# Portland PD cops leaving in droves.......



## msw (Jul 19, 2004)

Another "woke" PD that's having trouble keeping their cops.......









‘Overworked, overwhelmed and burned out’: Why Portland cops say they’re leaving in droves


Since July 1, 115 officers have left the Police Bureau, including 74 who retired and 41 who resigned. Two more will resign by the end of this month and one more is retiring. They make up one of the biggest waves of departures in recent memory. Nearly three dozen filled out exit interviews and...




www.oregonlive.com


----------



## Sooty (Nov 1, 2018)

Good for them! 
The people keep electing the anarchists, what'd they think was going to happen?


----------



## HistoryHound (Aug 30, 2008)

I was just watching a video about this yesterday. Some of the exit interviews paint the picture. I can't embed a Bitchute video, so here's the link. Portland Police Rip the City While Quitting Their Jobs | Murders Spike As They Leave


----------



## trueblue (Jan 21, 2008)

I understand why the cops would leave. I feel bad for them, the cops that are staying and the citizens who do support the Portland PD. This is what happens when good people take no action against crazy politicians, their policies ,hatred, and false narrative about hard working cops. God help Portland!


----------



## CCCSD (Jul 30, 2017)

trueblue said:


> I understand why the cops would leave. I feel bad for them, the cops that are staying and the citizens who do support the Portland PD. This is what happens when good people take no action against crazy politicians, their policies ,hatred, and false narrative about hard working cops. God help Portland!
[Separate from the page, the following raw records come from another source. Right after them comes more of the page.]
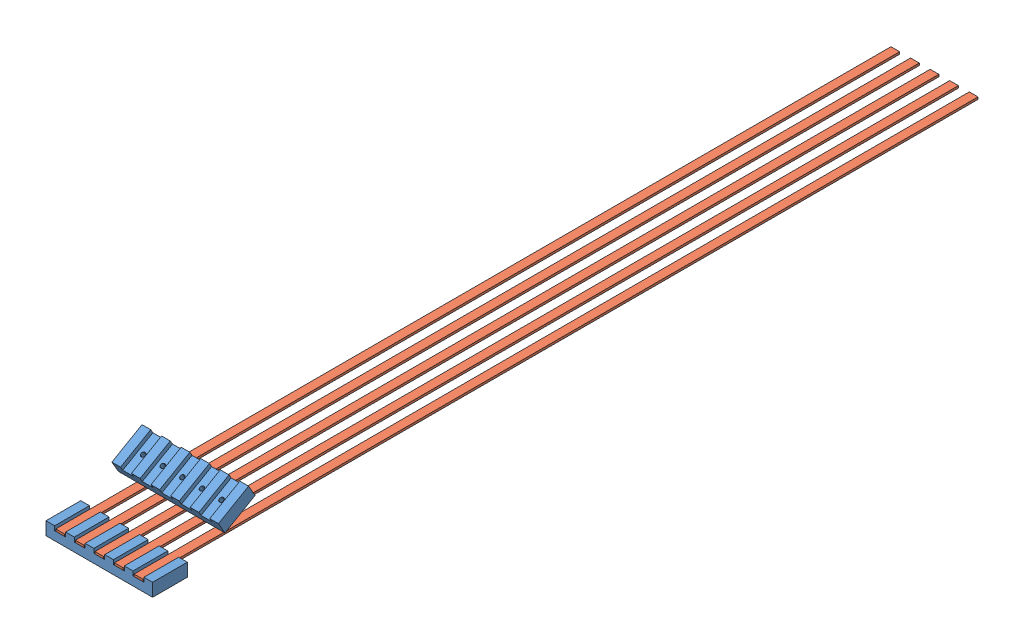
SolidWorks assembly Assem1, configuration Default. Lengths in mm.
Overall size (155.57 70.47 1219.2).
7 component instances, 2 part files, 6 mates.
Components (placement in the parent):
- Bus Bar Holder-1: Bus Bar Holder [Default] at origin size (155.57 19.05 50.8)
- Copper Bus Bar-1: Copper Bus Bar [Default] at (-57.15 7.9375 -584.2) size (12.7 3.17 1219.2)
- Copper Bus Bar-2: Copper Bus Bar [Default] at (-28.575 7.9375 -584.2) size (12.7 3.17 1219.2)
- Copper Bus Bar-3: Copper Bus Bar [Default] at (0 7.9375 -584.2) size (12.7 3.17 1219.2)
- Copper Bus Bar-4: Copper Bus Bar [Default] at (28.575 7.9375 -584.2) size (12.7 3.17 1219.2)
- Copper Bus Bar-5: Copper Bus Bar [Default] at (57.15 7.9375 -584.2) size (12.7 3.17 1219.2)
- Bus Bar Holder-2: Bus Bar Holder [Default] at (0 40.4243 -99.0962) x (1 0 0) z (0 -0.5 0.866025) size (155.57 19.05 50.8)
Mates (geometry in assembly coordinates):
- Coincident1: coincident anti-aligned: plane of Bus Bar Holder-1 through (0 6.35 25.4) normal (0 1 0); plane of Copper Bus Bar-1 through (-57.15 6.35 -584.2) normal (0 -1 0)
- Width1: width anti-aligned: plane of Copper Bus Bar-1 through (-50.8 9.525 25.4) normal (1 0 0); plane of Bus Bar Holder-1 through (-63.5 9.525 25.4) normal (-1 0 0); plane of Copper Bus Bar-1 through (-49.2125 0 25.4) normal (-1 0 0); plane of Bus Bar Holder-1 through (-65.0875 0 25.4) normal (1 0 0)
- Coincident2: coincident aligned: plane of Bus Bar Holder-1 through (0 0 25.4) normal (0 0 1); plane of Copper Bus Bar-1 through (-63.5 9.525 25.4) normal (0 0 1)
- Coincident3: coincident aligned: plane of Bus Bar Holder-1 through (49.2125 0 25.4) normal (1 0 0); plane of Bus Bar Holder-2 through (49.2125 27.7243 -77.0992) normal (1 0 0)
- Angle1: planar angle = 0.523599 rad aligned: plane of Bus Bar Holder-2 through (0 33.2235 -73.9242) normal (0 0.866025 0.5); plane of Copper Bus Bar-5 through (57.15 9.525 -584.2) normal (0 1 0)
- Distance1: distance = 12.7 mm: plane of Copper Bus Bar-5 through (57.15 9.525 -584.2) normal (0 1 0); line of Bus Bar Holder-2 through (-77.7875 22.225 -80.2742) axis (1 0 0)
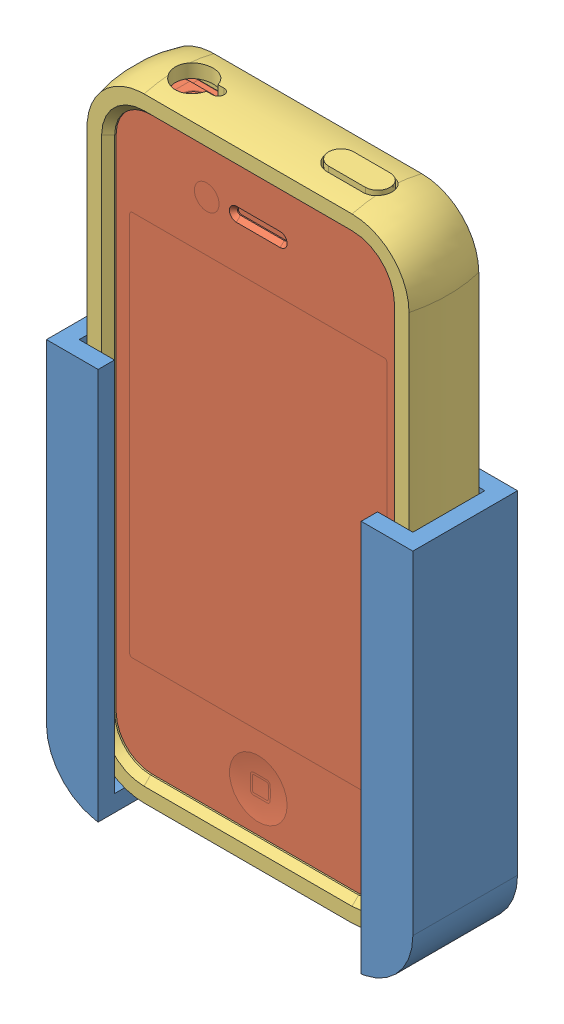
SolidWorks assembly Assembly, configuration Default. Lengths in mm.
Overall size (71.12 124.79 20.32).
3 component instances, 3 part files, 6 mates.
Components (placement in the parent):
- holster-1: holster [Default] at (132.9404 -43.4742 38.3722) size (71.12 76.2 20.32)
- iPhone_4-1: iPhone_4 [iPhone_4S] at (168.8926 19.8342 38.6988) size (59.15 115.75 9.34)
- Speck-1: Speck [Default] at (168.4623 20.2925 38.1563) x (-1 0 0) z (0 1 0) size (64.85 13.54 121.5)
Mates (geometry in assembly coordinates):
- Coincident9: coincident anti-aligned: plane of iPhone_4-1 through (189.6676 68.9092 34.0288) normal (0 0 -1); plane of Speck-1 through (190.4472 -28.2533 34.0288) normal (0 0 1)
- Coincident16: coincident anti-aligned: plane of iPhone_4-1 through (148.1176 78.0092 41.7838) normal (0 1 0); plane of Speck-1 through (186.8646 78.0092 38.1563) normal (0 -1 0)
- Distance2: distance = 0.254 mm aligned: plane of iPhone_4-1 through (198.1676 -29.2408 41.7838) normal (1 0 0); cylinder of Speck-1 through (173.2049 -28.2533 38.1563) axis (0 1 0) radius 24.7087
- Distance1: distance = 0.254 mm anti-aligned: plane of holster-1 through (136.1154 -109.7337 45.3572) normal (1 0 0); cylinder of Speck-1 through (163.7197 -28.2533 38.1563) axis (0 1 0) radius 27.3503
- Coincident17: coincident anti-aligned: plane of holster-1 through (136.1154 -109.7337 31.3872) normal (0 0 1); plane of Speck-1 through (190.4472 -28.2533 31.3872) normal (0 0 -1)
- Tangent5: tangent: line of holster-1 through (142.9734 -40.1595 39.7692) axis (0 0 1); cylinder of Speck-1 through (188.649 -12.8092 38.1563) axis (-1 0 0) radius 27.3503
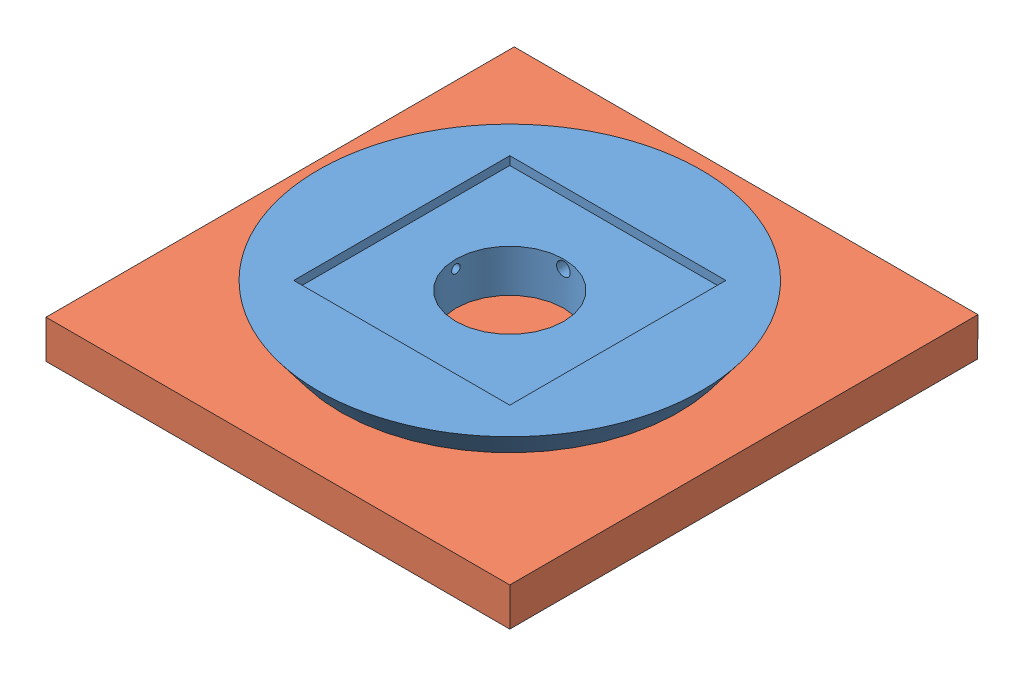
SolidWorks assembly ASI3, configuration Default. Lengths in mm.
Overall size (55 8 55.04).
2 component instances, 2 part files, 12 mates.
Components (placement in the parent):
- innerCircleIteration2-1: innerCircleIteration2 [Default] at (0.1253 -1.4848 0.5275) size (45 6 45)
- Part7-1: Part7 [Default] at (0.1253 -1.4848 0.5275) x (-1 0 0) z (0 -1 0) size (55 55.04 4.5)
Mates (geometry in assembly coordinates):
- InPlace1: in place: plane of assembly through (0 0 0) normal (0 -1 0); plane of ? through (0 0 0) normal (0 -1 0); moOrthogonalPlaneRef_w of assembly through (0 0 0) normal (0 -1 0); unknown of ?; plane of assembly through (0 0 0) normal (0 -1 0); line of ? through (55 -55 0) axis (0 0 -1); plane of assembly through (0 0 0) normal (0 -1 0); unknown of ?
- Coincident1: coincident aligned: plane of innerCircleIteration2-1; plane of ?
- Coincident2: coincident aligned: moOrthogonalPlaneRef_w of innerCircleIteration2-1 through (0 0 0) normal (0 0 -1); plane of ?
- Coincident3: coincident anti-aligned: moOrthogonalPlaneRef_w of innerCircleIteration2-1 through (0 0 0) normal (1 0 0); plane of ?
- InPlace2: in place: plane of assembly through (0 6 0) normal (0 1 0); plane of ? through (0 6 0) normal (0 1 0); plane of assembly through (0 6 0) normal (0 1 0); plane of ? through (0 6 0) normal (0 0 -1); plane of assembly through (0 6 0) normal (0 1 0); line of ? through (-55 0 6) axis (0 1 0); plane of assembly through (0 6 0) normal (0 1 0); unknown of ?
- Coincident4: coincident aligned: plane of innerCircleIteration2-1; plane of ?
- Coincident5: coincident aligned: moOrthogonalPlaneRef_w of innerCircleIteration2-1 through (0 6 0) normal (0 0 -1); plane of ? through (0 6 0) normal (0 0 -1)
- Coincident6: coincident anti-aligned: moOrthogonalPlaneRef_w of innerCircleIteration2-1 through (0 6 0) normal (-1 0 0); plane of ?
- InPlace3: in place: plane of assembly through (0 0 0) normal (0 -1 0); plane of ? through (0 0 0) normal (0 -1 0); plane of assembly through (0 0 0) normal (0 -1 0); unknown of ?; plane of assembly through (0 0 0) normal (0 -1 0); line of ? through (55 -55 0) axis (0 0 -1); plane of innerCircleIteration2-1 through (0.1253 -1.4848 0.5275) normal (0 -1 0); unknown of Part7-1
- Coincident7: coincident aligned: plane of innerCircleIteration2-1; plane of Part7-1
- Coincident8: coincident aligned: moOrthogonalPlaneRef_w of innerCircleIteration2-1 through (0.1253 -1.4848 0.5275) normal (0 0 -1); plane of Part7-1
- Coincident9: coincident anti-aligned: moOrthogonalPlaneRef_w of innerCircleIteration2-1 through (0.1253 -1.4848 0.5275) normal (1 0 0); plane of Part7-1

They deserve it. Pure and simple. 10 years from now, what’s left will elect a Republican and demand Meat Eaters...


----------



## Kilvinsky (Jan 15, 2007)

I see it being a national trend. Try working at an institution of higher learning and see how loved and appreciated you are. Though the majority of folks on campus seem to like and appreciate us and are almost always very pleasant with us, there is a small DIVERSE group that is VERY vocal in their demands to disband us, or at the least, shrink us down to a token group and colleges/universities being what they are, havens of the left, they're the only voice truly heard.

or maybe even the only voice making any noise at all. Who wants to fail a class because they were seen as a supporter of the police? Maybe when more of them return, the other side will be more vocal.


----------



## CCCSD (Jul 30, 2017)

They’ve tried to defund and remove our campus PD, no crime etc.
Every time we produce the Fellny dope, DV, batteries, weapons, it reminds the Board we are needed. The idiots keep demanding it, so we will see. No one is going to stay if they disarm us. Chief on down are walking.


----------



## Kilvinsky (Jan 15, 2007)

CCCSD said:


> They’ve tried to defund and remove our campus PD, no crime etc.
> Every time we produce the Fellny dope, DV, batteries, weapons, it reminds the Board we are needed. The idiots keep demanding it, so we will see. No one is going to stay if they disarm us. Chief on down are walking.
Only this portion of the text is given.